The answer must be an exact copy of the records, with no pictures in it.

[Opening Data for processing section]

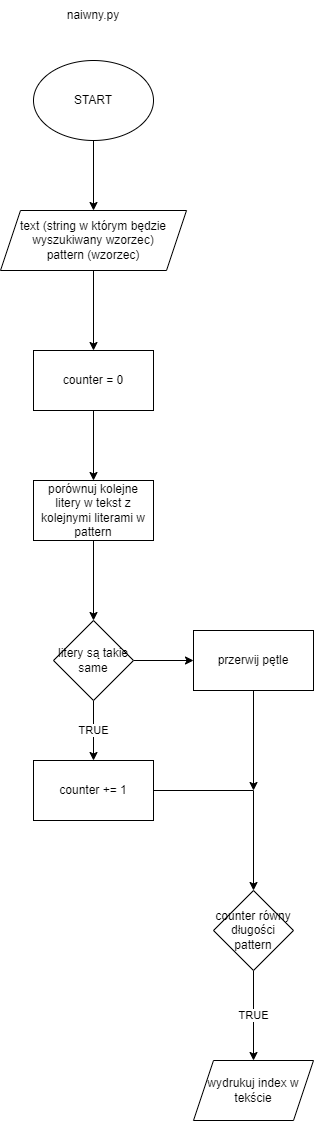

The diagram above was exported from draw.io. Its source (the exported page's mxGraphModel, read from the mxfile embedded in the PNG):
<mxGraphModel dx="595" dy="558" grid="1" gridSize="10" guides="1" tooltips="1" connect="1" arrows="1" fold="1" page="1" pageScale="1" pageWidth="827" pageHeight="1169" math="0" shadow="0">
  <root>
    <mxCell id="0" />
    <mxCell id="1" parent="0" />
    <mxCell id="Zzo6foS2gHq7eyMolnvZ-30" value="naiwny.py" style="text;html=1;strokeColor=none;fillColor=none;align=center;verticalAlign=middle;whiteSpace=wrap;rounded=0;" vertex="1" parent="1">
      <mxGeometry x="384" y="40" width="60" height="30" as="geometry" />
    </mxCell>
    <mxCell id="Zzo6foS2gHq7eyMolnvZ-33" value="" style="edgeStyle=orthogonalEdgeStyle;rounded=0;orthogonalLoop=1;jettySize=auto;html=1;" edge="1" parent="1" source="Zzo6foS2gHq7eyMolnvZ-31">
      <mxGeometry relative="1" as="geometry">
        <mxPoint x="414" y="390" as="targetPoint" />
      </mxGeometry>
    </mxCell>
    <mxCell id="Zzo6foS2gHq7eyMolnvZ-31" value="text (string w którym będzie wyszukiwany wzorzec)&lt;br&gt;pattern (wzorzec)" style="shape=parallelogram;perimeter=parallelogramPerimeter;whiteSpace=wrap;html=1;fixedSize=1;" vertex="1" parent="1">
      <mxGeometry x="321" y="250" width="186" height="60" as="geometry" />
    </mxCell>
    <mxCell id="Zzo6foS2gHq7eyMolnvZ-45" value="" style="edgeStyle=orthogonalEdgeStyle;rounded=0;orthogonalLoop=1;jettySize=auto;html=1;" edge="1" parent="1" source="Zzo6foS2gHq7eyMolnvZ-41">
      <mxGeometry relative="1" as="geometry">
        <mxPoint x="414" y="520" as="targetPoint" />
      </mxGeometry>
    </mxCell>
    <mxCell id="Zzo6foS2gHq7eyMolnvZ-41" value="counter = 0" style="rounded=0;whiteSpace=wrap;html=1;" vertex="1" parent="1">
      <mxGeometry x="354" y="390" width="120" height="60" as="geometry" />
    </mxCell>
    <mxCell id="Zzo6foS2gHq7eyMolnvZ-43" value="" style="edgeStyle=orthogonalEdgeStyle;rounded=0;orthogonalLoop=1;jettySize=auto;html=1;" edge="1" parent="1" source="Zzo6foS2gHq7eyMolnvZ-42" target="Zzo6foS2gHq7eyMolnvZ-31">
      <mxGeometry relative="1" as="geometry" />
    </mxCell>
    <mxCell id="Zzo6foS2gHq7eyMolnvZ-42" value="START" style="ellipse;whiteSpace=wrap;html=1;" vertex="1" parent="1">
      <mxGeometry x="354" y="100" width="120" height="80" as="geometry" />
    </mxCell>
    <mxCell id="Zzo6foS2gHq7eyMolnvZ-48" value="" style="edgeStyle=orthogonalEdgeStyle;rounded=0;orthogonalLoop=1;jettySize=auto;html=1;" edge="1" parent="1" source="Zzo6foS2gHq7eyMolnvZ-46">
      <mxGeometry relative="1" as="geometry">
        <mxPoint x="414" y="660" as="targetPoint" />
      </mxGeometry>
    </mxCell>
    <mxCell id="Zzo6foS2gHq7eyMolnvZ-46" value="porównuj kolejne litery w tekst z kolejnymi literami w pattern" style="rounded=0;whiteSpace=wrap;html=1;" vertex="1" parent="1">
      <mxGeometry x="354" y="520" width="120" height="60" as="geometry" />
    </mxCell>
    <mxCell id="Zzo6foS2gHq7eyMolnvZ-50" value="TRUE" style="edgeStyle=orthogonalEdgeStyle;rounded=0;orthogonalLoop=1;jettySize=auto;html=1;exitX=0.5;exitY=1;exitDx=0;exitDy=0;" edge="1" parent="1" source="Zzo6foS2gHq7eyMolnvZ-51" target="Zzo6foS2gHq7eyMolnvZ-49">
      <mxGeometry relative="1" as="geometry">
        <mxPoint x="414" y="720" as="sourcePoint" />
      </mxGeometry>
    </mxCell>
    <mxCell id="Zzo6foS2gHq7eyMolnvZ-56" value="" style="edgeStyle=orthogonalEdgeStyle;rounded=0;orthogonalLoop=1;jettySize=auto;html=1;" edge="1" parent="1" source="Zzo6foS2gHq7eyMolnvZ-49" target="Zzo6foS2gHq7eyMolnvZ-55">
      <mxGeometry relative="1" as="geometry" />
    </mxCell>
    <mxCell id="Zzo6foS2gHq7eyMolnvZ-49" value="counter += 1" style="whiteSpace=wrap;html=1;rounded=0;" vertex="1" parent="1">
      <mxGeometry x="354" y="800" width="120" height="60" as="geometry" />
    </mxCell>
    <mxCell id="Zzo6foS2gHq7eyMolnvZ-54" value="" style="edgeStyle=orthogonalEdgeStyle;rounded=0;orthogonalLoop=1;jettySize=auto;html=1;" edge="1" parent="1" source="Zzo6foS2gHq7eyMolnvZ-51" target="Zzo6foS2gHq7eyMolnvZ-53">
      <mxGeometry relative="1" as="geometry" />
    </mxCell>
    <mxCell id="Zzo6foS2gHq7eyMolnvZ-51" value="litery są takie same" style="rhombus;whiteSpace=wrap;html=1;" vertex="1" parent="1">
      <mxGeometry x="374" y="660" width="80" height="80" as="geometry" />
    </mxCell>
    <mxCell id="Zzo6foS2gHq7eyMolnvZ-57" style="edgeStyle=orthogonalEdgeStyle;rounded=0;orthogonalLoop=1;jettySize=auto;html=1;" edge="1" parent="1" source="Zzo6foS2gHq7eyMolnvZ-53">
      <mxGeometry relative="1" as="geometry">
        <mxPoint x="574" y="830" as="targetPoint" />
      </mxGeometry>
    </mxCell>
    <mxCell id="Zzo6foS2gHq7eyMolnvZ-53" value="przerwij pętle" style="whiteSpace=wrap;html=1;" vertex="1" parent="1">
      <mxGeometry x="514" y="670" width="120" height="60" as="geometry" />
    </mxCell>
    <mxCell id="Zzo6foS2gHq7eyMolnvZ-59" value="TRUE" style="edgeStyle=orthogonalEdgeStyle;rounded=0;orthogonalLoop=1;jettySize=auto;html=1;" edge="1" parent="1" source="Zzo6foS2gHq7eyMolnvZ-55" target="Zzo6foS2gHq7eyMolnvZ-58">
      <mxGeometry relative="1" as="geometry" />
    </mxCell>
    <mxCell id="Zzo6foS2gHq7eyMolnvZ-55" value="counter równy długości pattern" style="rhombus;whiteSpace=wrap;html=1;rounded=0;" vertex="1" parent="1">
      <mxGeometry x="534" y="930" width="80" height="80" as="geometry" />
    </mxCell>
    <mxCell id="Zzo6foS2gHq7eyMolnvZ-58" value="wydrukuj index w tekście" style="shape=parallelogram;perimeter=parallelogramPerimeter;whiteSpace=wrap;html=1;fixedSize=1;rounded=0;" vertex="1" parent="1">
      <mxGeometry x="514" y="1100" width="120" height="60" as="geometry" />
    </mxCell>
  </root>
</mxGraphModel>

[Closing Data for processing section]

_Result_
The diagram above was exported from draw.io. Its source (the exported page's mxGraphModel, read from the mxfile embedded in the PNG):
<mxGraphModel dx="595" dy="558" grid="1" gridSize="10" guides="1" tooltips="1" connect="1" arrows="1" fold="1" page="1" pageScale="1" pageWidth="827" pageHeight="1169" math="0" shadow="0">
  <root>
    <mxCell id="0" />
    <mxCell id="1" parent="0" />
    <mxCell id="Zzo6foS2gHq7eyMolnvZ-30" value="naiwny.py" style="text;html=1;strokeColor=none;fillColor=none;align=center;verticalAlign=middle;whiteSpace=wrap;rounded=0;" vertex="1" parent="1">
      <mxGeometry x="384" y="40" width="60" height="30" as="geometry" />
    </mxCell>
    <mxCell id="Zzo6foS2gHq7eyMolnvZ-33" value="" style="edgeStyle=orthogonalEdgeStyle;rounded=0;orthogonalLoop=1;jettySize=auto;html=1;" edge="1" parent="1" source="Zzo6foS2gHq7eyMolnvZ-31">
      <mxGeometry relative="1" as="geometry">
        <mxPoint x="414" y="390" as="targetPoint" />
      </mxGeometry>
    </mxCell>
    <mxCell id="Zzo6foS2gHq7eyMolnvZ-31" value="text (string w którym będzie wyszukiwany wzorzec)&lt;br&gt;pattern (wzorzec)" style="shape=parallelogram;perimeter=parallelogramPerimeter;whiteSpace=wrap;html=1;fixedSize=1;" vertex="1" parent="1">
      <mxGeometry x="321" y="250" width="186" height="60" as="geometry" />
    </mxCell>
    <mxCell id="Zzo6foS2gHq7eyMolnvZ-45" value="" style="edgeStyle=orthogonalEdgeStyle;rounded=0;orthogonalLoop=1;jettySize=auto;html=1;" edge="1" parent="1" source="Zzo6foS2gHq7eyMolnvZ-41">
      <mxGeometry relative="1" as="geometry">
        <mxPoint x="414" y="520" as="targetPoint" />
      </mxGeometry>
    </mxCell>
    <mxCell id="Zzo6foS2gHq7eyMolnvZ-41" value="counter = 0" style="rounded=0;whiteSpace=wrap;html=1;" vertex="1" parent="1">
      <mxGeometry x="354" y="390" width="120" height="60" as="geometry" />
    </mxCell>
    <mxCell id="Zzo6foS2gHq7eyMolnvZ-43" value="" style="edgeStyle=orthogonalEdgeStyle;rounded=0;orthogonalLoop=1;jettySize=auto;html=1;" edge="1" parent="1" source="Zzo6foS2gHq7eyMolnvZ-42" target="Zzo6foS2gHq7eyMolnvZ-31">
      <mxGeometry relative="1" as="geometry" />
    </mxCell>
    <mxCell id="Zzo6foS2gHq7eyMolnvZ-42" value="START" style="ellipse;whiteSpace=wrap;html=1;" vertex="1" parent="1">
      <mxGeometry x="354" y="100" width="120" height="80" as="geometry" />
    </mxCell>
    <mxCell id="Zzo6foS2gHq7eyMolnvZ-48" value="" style="edgeStyle=orthogonalEdgeStyle;rounded=0;orthogonalLoop=1;jettySize=auto;html=1;" edge="1" parent="1" source="Zzo6foS2gHq7eyMolnvZ-46">
      <mxGeometry relative="1" as="geometry">
        <mxPoint x="414" y="660" as="targetPoint" />
      </mxGeometry>
    </mxCell>
    <mxCell id="Zzo6foS2gHq7eyMolnvZ-46" value="porównuj kolejne litery w tekst z kolejnymi literami w pattern" style="rounded=0;whiteSpace=wrap;html=1;" vertex="1" parent="1">
      <mxGeometry x="354" y="520" width="120" height="60" as="geometry" />
    </mxCell>
    <mxCell id="Zzo6foS2gHq7eyMolnvZ-50" value="TRUE" style="edgeStyle=orthogonalEdgeStyle;rounded=0;orthogonalLoop=1;jettySize=auto;html=1;exitX=0.5;exitY=1;exitDx=0;exitDy=0;" edge="1" parent="1" source="Zzo6foS2gHq7eyMolnvZ-51" target="Zzo6foS2gHq7eyMolnvZ-49">
      <mxGeometry relative="1" as="geometry">
        <mxPoint x="414" y="720" as="sourcePoint" />
      </mxGeometry>
    </mxCell>
    <mxCell id="Zzo6foS2gHq7eyMolnvZ-56" value="" style="edgeStyle=orthogonalEdgeStyle;rounded=0;orthogonalLoop=1;jettySize=auto;html=1;" edge="1" parent="1" source="Zzo6foS2gHq7eyMolnvZ-49" target="Zzo6foS2gHq7eyMolnvZ-55">
      <mxGeometry relative="1" as="geometry" />
    </mxCell>
    <mxCell id="Zzo6foS2gHq7eyMolnvZ-49" value="counter += 1" style="whiteSpace=wrap;html=1;rounded=0;" vertex="1" parent="1">
      <mxGeometry x="354" y="800" width="120" height="60" as="geometry" />
    </mxCell>
    <mxCell id="Zzo6foS2gHq7eyMolnvZ-54" value="" style="edgeStyle=orthogonalEdgeStyle;rounded=0;orthogonalLoop=1;jettySize=auto;html=1;" edge="1" parent="1" source="Zzo6foS2gHq7eyMolnvZ-51" target="Zzo6foS2gHq7eyMolnvZ-53">
      <mxGeometry relative="1" as="geometry" />
    </mxCell>
    <mxCell id="Zzo6foS2gHq7eyMolnvZ-51" value="litery są takie same" style="rhombus;whiteSpace=wrap;html=1;" vertex="1" parent="1">
      <mxGeometry x="374" y="660" width="80" height="80" as="geometry" />
    </mxCell>
    <mxCell id="Zzo6foS2gHq7eyMolnvZ-57" style="edgeStyle=orthogonalEdgeStyle;rounded=0;orthogonalLoop=1;jettySize=auto;html=1;" edge="1" parent="1" source="Zzo6foS2gHq7eyMolnvZ-53">
      <mxGeometry relative="1" as="geometry">
        <mxPoint x="574" y="830" as="targetPoint" />
      </mxGeometry>
    </mxCell>
    <mxCell id="Zzo6foS2gHq7eyMolnvZ-53" value="przerwij pętle" style="whiteSpace=wrap;html=1;" vertex="1" parent="1">
      <mxGeometry x="514" y="670" width="120" height="60" as="geometry" />
    </mxCell>
    <mxCell id="Zzo6foS2gHq7eyMolnvZ-59" value="TRUE" style="edgeStyle=orthogonalEdgeStyle;rounded=0;orthogonalLoop=1;jettySize=auto;html=1;" edge="1" parent="1" source="Zzo6foS2gHq7eyMolnvZ-55" target="Zzo6foS2gHq7eyMolnvZ-58">
      <mxGeometry relative="1" as="geometry" />
    </mxCell>
    <mxCell id="Zzo6foS2gHq7eyMolnvZ-55" value="counter równy długości pattern" style="rhombus;whiteSpace=wrap;html=1;rounded=0;" vertex="1" parent="1">
      <mxGeometry x="534" y="930" width="80" height="80" as="geometry" />
    </mxCell>
    <mxCell id="Zzo6foS2gHq7eyMolnvZ-58" value="wydrukuj index w tekście" style="shape=parallelogram;perimeter=parallelogramPerimeter;whiteSpace=wrap;html=1;fixedSize=1;rounded=0;" vertex="1" parent="1">
      <mxGeometry x="514" y="1100" width="120" height="60" as="geometry" />
    </mxCell>
  </root>
</mxGraphModel>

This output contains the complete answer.